Your goal »
From the entries below, please output exactly the lines starting at the one containing "line L23 (0, 76) -> (3, 76)" and ending at the one containing "circle A15 centre (121.4354, 13.4653)", both included.

Stored dataset items
⁂

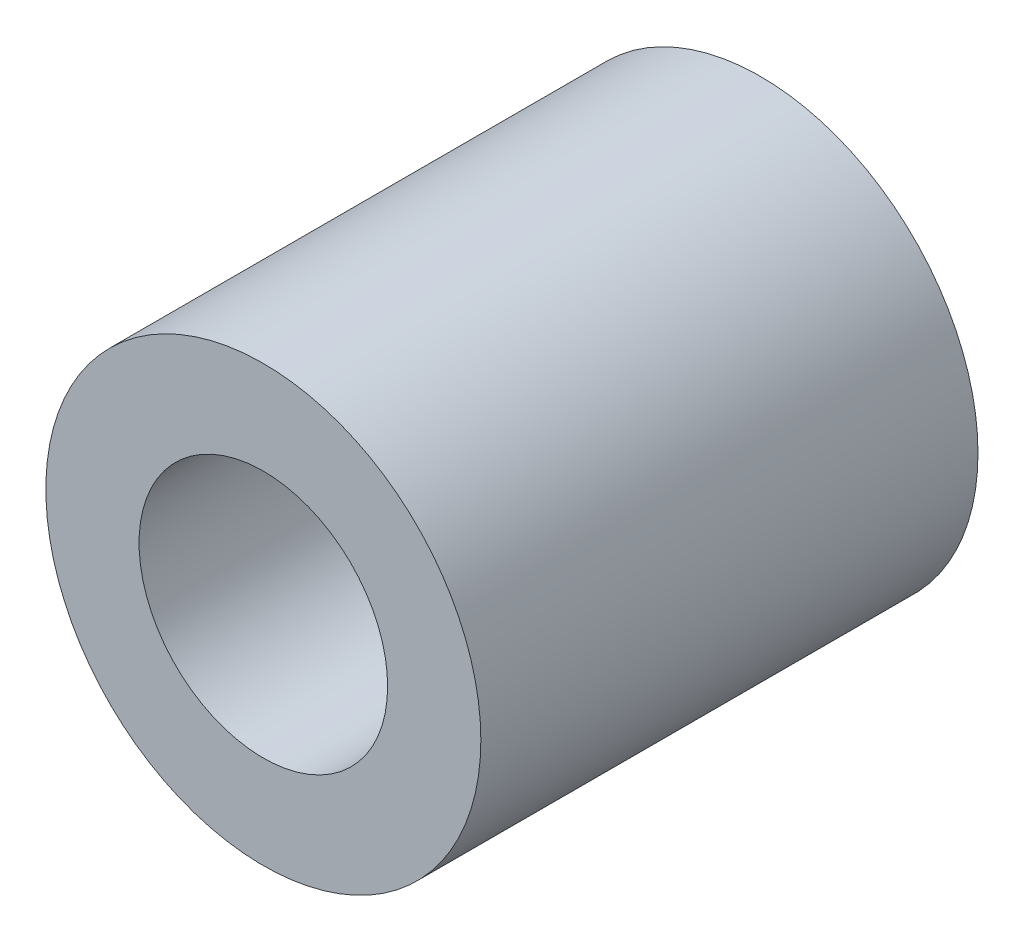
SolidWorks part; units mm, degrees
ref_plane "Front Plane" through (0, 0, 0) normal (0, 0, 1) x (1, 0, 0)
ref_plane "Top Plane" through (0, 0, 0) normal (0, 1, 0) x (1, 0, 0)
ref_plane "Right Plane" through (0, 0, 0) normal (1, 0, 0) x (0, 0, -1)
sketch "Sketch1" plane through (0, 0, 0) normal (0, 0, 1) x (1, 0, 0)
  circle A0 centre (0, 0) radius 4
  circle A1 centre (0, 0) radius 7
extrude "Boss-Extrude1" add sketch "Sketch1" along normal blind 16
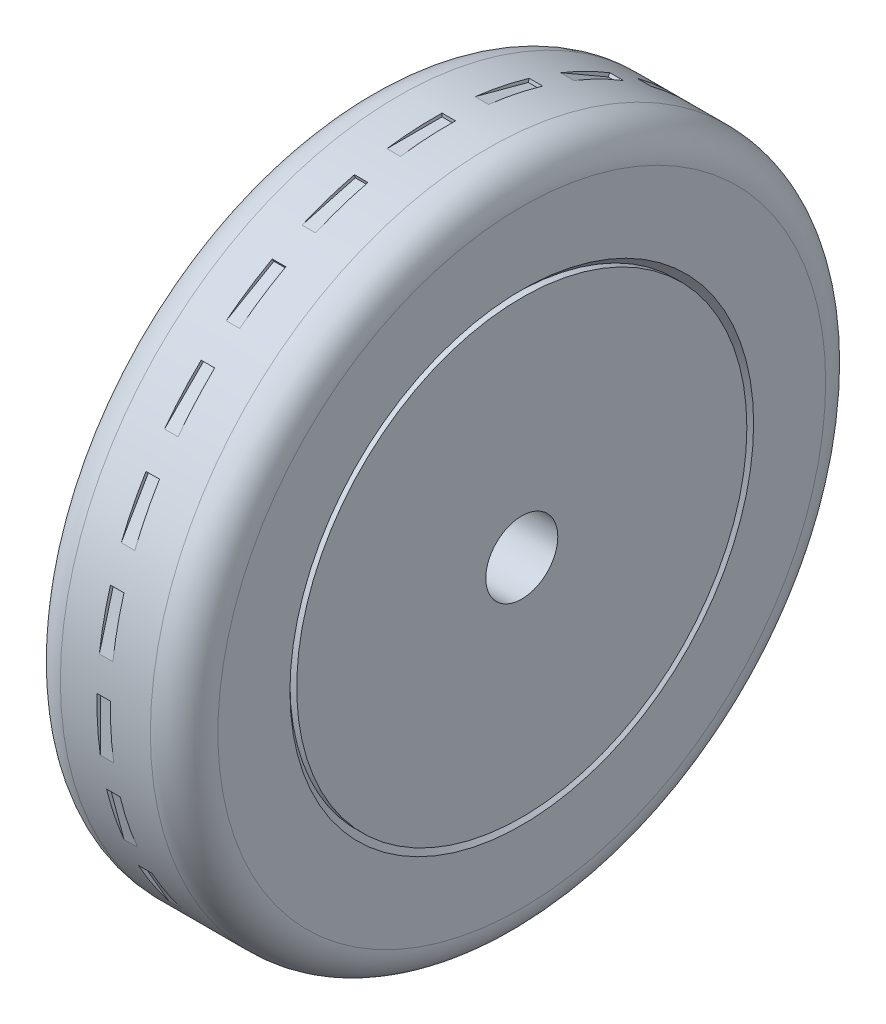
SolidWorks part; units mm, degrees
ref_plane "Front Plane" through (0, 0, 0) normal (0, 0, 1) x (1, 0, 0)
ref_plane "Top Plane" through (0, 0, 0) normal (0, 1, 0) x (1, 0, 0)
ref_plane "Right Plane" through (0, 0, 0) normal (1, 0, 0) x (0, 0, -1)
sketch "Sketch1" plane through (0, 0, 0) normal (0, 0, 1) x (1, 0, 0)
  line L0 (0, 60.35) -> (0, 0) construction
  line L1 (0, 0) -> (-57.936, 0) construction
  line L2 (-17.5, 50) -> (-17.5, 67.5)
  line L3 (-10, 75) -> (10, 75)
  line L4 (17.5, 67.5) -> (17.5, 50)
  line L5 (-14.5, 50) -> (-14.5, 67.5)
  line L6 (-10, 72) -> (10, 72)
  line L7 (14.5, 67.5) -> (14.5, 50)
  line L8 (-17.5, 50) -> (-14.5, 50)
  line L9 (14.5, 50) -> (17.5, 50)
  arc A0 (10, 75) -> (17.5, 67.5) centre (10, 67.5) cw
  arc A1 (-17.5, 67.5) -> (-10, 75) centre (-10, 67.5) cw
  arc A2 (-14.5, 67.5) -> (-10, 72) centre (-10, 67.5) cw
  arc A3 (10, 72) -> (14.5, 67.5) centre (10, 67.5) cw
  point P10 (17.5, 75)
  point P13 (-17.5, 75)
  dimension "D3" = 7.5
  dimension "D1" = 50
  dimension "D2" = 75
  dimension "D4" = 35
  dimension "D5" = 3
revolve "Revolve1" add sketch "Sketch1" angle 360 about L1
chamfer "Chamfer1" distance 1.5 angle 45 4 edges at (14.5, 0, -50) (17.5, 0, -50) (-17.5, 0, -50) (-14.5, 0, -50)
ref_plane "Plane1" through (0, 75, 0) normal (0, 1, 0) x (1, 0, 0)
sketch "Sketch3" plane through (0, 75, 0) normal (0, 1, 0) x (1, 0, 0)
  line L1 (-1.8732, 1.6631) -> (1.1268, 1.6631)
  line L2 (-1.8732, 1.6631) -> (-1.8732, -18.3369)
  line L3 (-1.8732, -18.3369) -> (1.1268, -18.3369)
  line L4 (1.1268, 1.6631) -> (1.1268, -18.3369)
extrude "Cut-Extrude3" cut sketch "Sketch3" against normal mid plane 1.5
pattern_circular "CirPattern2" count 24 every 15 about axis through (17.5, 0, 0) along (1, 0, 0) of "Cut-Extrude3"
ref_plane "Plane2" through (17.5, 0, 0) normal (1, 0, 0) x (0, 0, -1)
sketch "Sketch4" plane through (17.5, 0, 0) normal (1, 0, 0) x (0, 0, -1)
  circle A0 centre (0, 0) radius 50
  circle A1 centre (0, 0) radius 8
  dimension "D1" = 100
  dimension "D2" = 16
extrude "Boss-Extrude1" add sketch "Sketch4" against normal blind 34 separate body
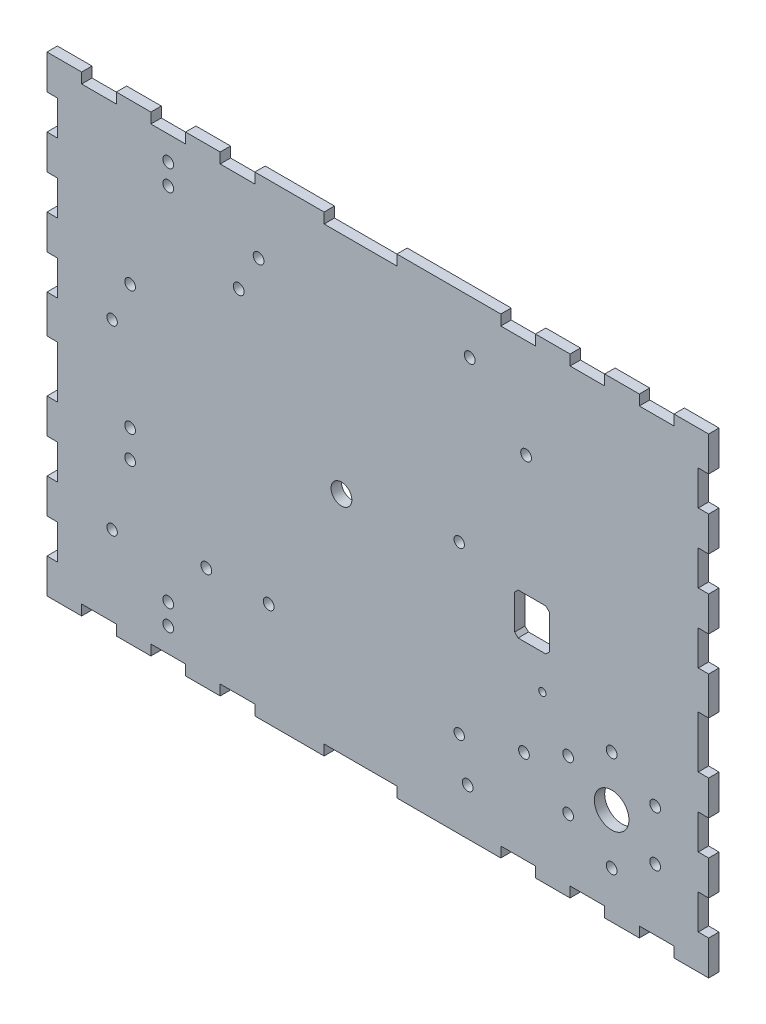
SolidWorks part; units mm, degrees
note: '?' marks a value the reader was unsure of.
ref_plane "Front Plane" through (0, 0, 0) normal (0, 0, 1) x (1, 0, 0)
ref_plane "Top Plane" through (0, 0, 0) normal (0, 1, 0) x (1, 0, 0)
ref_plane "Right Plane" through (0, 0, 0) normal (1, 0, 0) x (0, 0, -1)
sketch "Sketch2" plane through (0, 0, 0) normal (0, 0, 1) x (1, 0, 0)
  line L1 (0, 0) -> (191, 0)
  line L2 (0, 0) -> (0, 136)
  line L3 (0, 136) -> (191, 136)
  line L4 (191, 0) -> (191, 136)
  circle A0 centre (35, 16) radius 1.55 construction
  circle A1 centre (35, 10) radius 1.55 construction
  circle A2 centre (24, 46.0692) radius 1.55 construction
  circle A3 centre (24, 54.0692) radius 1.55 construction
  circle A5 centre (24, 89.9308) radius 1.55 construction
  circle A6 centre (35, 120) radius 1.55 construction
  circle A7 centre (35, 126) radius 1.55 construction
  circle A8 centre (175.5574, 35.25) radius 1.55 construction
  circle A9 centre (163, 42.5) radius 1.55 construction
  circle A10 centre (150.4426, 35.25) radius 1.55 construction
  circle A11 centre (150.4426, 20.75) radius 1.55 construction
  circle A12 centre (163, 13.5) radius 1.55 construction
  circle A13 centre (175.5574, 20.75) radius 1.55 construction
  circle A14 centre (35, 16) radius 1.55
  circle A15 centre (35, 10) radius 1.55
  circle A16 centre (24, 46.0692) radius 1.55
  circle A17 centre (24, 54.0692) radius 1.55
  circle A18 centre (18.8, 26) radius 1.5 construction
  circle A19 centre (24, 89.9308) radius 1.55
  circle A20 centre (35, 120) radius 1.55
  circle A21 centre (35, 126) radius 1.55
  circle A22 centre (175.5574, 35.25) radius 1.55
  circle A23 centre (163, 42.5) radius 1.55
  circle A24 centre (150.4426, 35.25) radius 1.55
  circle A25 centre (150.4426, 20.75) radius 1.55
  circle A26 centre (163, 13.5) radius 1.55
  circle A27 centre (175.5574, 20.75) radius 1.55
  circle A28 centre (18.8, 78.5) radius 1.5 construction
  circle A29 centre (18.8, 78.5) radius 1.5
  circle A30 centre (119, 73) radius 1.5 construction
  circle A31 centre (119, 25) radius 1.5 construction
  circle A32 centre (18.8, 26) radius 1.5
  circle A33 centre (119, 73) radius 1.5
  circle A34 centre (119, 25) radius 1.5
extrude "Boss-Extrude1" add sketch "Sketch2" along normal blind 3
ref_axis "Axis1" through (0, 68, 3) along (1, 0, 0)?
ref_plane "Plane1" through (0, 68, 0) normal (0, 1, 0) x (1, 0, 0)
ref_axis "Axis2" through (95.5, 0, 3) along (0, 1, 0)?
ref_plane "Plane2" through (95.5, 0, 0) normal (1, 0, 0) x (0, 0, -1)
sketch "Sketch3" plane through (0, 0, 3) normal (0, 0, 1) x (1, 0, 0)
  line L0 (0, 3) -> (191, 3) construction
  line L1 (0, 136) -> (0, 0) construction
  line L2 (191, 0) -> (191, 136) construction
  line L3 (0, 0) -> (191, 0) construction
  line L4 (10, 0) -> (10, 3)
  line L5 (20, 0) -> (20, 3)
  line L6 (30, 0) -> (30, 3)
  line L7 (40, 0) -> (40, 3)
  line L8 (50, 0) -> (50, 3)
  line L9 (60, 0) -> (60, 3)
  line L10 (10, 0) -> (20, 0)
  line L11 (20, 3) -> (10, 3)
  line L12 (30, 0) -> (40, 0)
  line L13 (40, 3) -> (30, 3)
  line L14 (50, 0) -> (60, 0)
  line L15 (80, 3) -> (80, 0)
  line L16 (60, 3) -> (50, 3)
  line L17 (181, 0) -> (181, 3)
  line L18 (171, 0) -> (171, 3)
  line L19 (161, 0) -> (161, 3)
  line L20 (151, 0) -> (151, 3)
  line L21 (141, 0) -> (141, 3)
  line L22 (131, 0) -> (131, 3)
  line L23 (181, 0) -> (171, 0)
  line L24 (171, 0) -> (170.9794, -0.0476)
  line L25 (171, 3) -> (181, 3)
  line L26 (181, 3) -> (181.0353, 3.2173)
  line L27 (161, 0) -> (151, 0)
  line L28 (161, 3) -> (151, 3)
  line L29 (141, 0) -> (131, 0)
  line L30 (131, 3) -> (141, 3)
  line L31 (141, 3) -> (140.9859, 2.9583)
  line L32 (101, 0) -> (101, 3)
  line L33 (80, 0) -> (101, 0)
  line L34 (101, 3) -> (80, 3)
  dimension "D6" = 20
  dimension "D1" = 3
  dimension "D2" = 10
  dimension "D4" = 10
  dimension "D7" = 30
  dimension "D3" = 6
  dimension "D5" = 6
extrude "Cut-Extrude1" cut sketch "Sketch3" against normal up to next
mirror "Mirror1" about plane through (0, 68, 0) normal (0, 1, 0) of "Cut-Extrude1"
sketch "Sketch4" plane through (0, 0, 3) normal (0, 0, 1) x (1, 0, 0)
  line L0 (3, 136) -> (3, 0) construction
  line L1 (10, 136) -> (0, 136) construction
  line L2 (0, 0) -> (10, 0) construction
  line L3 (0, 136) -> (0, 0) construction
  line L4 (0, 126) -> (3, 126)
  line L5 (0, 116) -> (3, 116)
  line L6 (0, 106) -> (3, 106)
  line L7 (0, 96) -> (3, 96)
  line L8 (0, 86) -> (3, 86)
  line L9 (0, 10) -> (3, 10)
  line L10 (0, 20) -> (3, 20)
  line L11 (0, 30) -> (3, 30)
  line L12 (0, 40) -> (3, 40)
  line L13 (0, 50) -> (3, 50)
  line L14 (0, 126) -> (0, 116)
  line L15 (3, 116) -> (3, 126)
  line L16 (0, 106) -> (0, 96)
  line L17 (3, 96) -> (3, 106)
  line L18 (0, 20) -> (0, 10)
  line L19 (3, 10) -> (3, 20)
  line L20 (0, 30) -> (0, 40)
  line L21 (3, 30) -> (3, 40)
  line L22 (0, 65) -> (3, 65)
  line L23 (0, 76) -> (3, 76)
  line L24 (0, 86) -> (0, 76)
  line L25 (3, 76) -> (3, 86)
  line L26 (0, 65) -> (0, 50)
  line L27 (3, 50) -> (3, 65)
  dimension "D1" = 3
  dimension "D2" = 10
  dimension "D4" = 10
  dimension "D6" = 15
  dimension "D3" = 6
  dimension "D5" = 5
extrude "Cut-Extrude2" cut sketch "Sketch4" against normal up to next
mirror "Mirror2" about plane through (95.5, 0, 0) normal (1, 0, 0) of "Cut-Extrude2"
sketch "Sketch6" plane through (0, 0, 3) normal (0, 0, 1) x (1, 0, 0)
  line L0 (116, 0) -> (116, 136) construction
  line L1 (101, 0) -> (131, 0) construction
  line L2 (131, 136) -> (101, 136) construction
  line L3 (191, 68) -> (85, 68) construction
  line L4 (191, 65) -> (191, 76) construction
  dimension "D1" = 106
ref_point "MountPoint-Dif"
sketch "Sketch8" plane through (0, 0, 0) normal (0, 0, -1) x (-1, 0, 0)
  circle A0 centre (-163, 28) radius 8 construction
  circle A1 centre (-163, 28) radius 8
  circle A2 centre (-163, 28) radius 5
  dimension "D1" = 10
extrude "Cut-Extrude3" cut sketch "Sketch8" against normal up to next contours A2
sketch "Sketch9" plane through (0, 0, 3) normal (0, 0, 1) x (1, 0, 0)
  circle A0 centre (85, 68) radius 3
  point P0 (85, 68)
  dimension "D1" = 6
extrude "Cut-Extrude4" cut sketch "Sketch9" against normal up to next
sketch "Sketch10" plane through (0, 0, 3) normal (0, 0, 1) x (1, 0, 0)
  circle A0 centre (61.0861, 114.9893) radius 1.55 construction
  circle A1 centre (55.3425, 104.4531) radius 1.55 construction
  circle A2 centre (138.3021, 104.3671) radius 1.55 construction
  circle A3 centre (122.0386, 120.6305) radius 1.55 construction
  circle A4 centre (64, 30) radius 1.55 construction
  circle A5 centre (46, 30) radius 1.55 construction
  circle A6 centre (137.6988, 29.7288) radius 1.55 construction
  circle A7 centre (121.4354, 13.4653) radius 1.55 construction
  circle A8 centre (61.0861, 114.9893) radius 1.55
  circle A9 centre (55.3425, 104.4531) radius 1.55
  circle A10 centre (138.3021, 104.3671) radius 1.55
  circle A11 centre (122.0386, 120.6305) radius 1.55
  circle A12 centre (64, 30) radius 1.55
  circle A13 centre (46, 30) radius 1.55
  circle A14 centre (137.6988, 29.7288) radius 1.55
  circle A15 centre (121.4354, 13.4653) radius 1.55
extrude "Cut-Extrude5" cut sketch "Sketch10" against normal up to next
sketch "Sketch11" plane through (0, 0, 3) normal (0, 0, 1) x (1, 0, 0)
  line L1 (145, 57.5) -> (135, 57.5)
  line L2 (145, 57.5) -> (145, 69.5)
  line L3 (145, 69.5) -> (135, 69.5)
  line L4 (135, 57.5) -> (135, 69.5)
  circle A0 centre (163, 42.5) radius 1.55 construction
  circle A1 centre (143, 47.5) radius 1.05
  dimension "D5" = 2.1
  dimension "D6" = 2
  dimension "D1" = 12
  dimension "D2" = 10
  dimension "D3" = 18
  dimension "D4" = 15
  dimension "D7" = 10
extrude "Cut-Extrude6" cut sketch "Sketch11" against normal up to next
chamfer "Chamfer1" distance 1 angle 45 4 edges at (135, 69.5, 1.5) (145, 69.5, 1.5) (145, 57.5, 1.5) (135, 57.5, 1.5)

⁂

Solution to this problem »
  line L23 (0, 76) -> (3, 76)
  line L24 (0, 86) -> (0, 76)
  line L25 (3, 76) -> (3, 86)
  line L26 (0, 65) -> (0, 50)
  line L27 (3, 50) -> (3, 65)
  dimension "D1" = 3
  dimension "D2" = 10
  dimension "D4" = 10
  dimension "D6" = 15
  dimension "D3" = 6
  dimension "D5" = 5
extrude "Cut-Extrude2" cut sketch "Sketch4" against normal up to next
mirror "Mirror2" about plane through (95.5, 0, 0) normal (1, 0, 0) of "Cut-Extrude2"
sketch "Sketch6" plane through (0, 0, 3) normal (0, 0, 1) x (1, 0, 0)
  line L0 (116, 0) -> (116, 136) construction
  line L1 (101, 0) -> (131, 0) construction
  line L2 (131, 136) -> (101, 136) construction
  line L3 (191, 68) -> (85, 68) construction
  line L4 (191, 65) -> (191, 76) construction
  dimension "D1" = 106
ref_point "MountPoint-Dif"
sketch "Sketch8" plane through (0, 0, 0) normal (0, 0, -1) x (-1, 0, 0)
  circle A0 centre (-163, 28) radius 8 construction
  circle A1 centre (-163, 28) radius 8
  circle A2 centre (-163, 28) radius 5
  dimension "D1" = 10
extrude "Cut-Extrude3" cut sketch "Sketch8" against normal up to next contours A2
sketch "Sketch9" plane through (0, 0, 3) normal (0, 0, 1) x (1, 0, 0)
  circle A0 centre (85, 68) radius 3
  point P0 (85, 68)
  dimension "D1" = 6
extrude "Cut-Extrude4" cut sketch "Sketch9" against normal up to next
sketch "Sketch10" plane through (0, 0, 3) normal (0, 0, 1) x (1, 0, 0)
  circle A0 centre (61.0861, 114.9893) radius 1.55 construction
  circle A1 centre (55.3425, 104.4531) radius 1.55 construction
  circle A2 centre (138.3021, 104.3671) radius 1.55 construction
  circle A3 centre (122.0386, 120.6305) radius 1.55 construction
  circle A4 centre (64, 30) radius 1.55 construction
  circle A5 centre (46, 30) radius 1.55 construction
  circle A6 centre (137.6988, 29.7288) radius 1.55 construction
  circle A7 centre (121.4354, 13.4653) radius 1.55 construction
  circle A8 centre (61.0861, 114.9893) radius 1.55
  circle A9 centre (55.3425, 104.4531) radius 1.55
  circle A10 centre (138.3021, 104.3671) radius 1.55
  circle A11 centre (122.0386, 120.6305) radius 1.55
  circle A12 centre (64, 30) radius 1.55
  circle A13 centre (46, 30) radius 1.55
  circle A14 centre (137.6988, 29.7288) radius 1.55
  circle A15 centre (121.4354, 13.4653) radius 1.55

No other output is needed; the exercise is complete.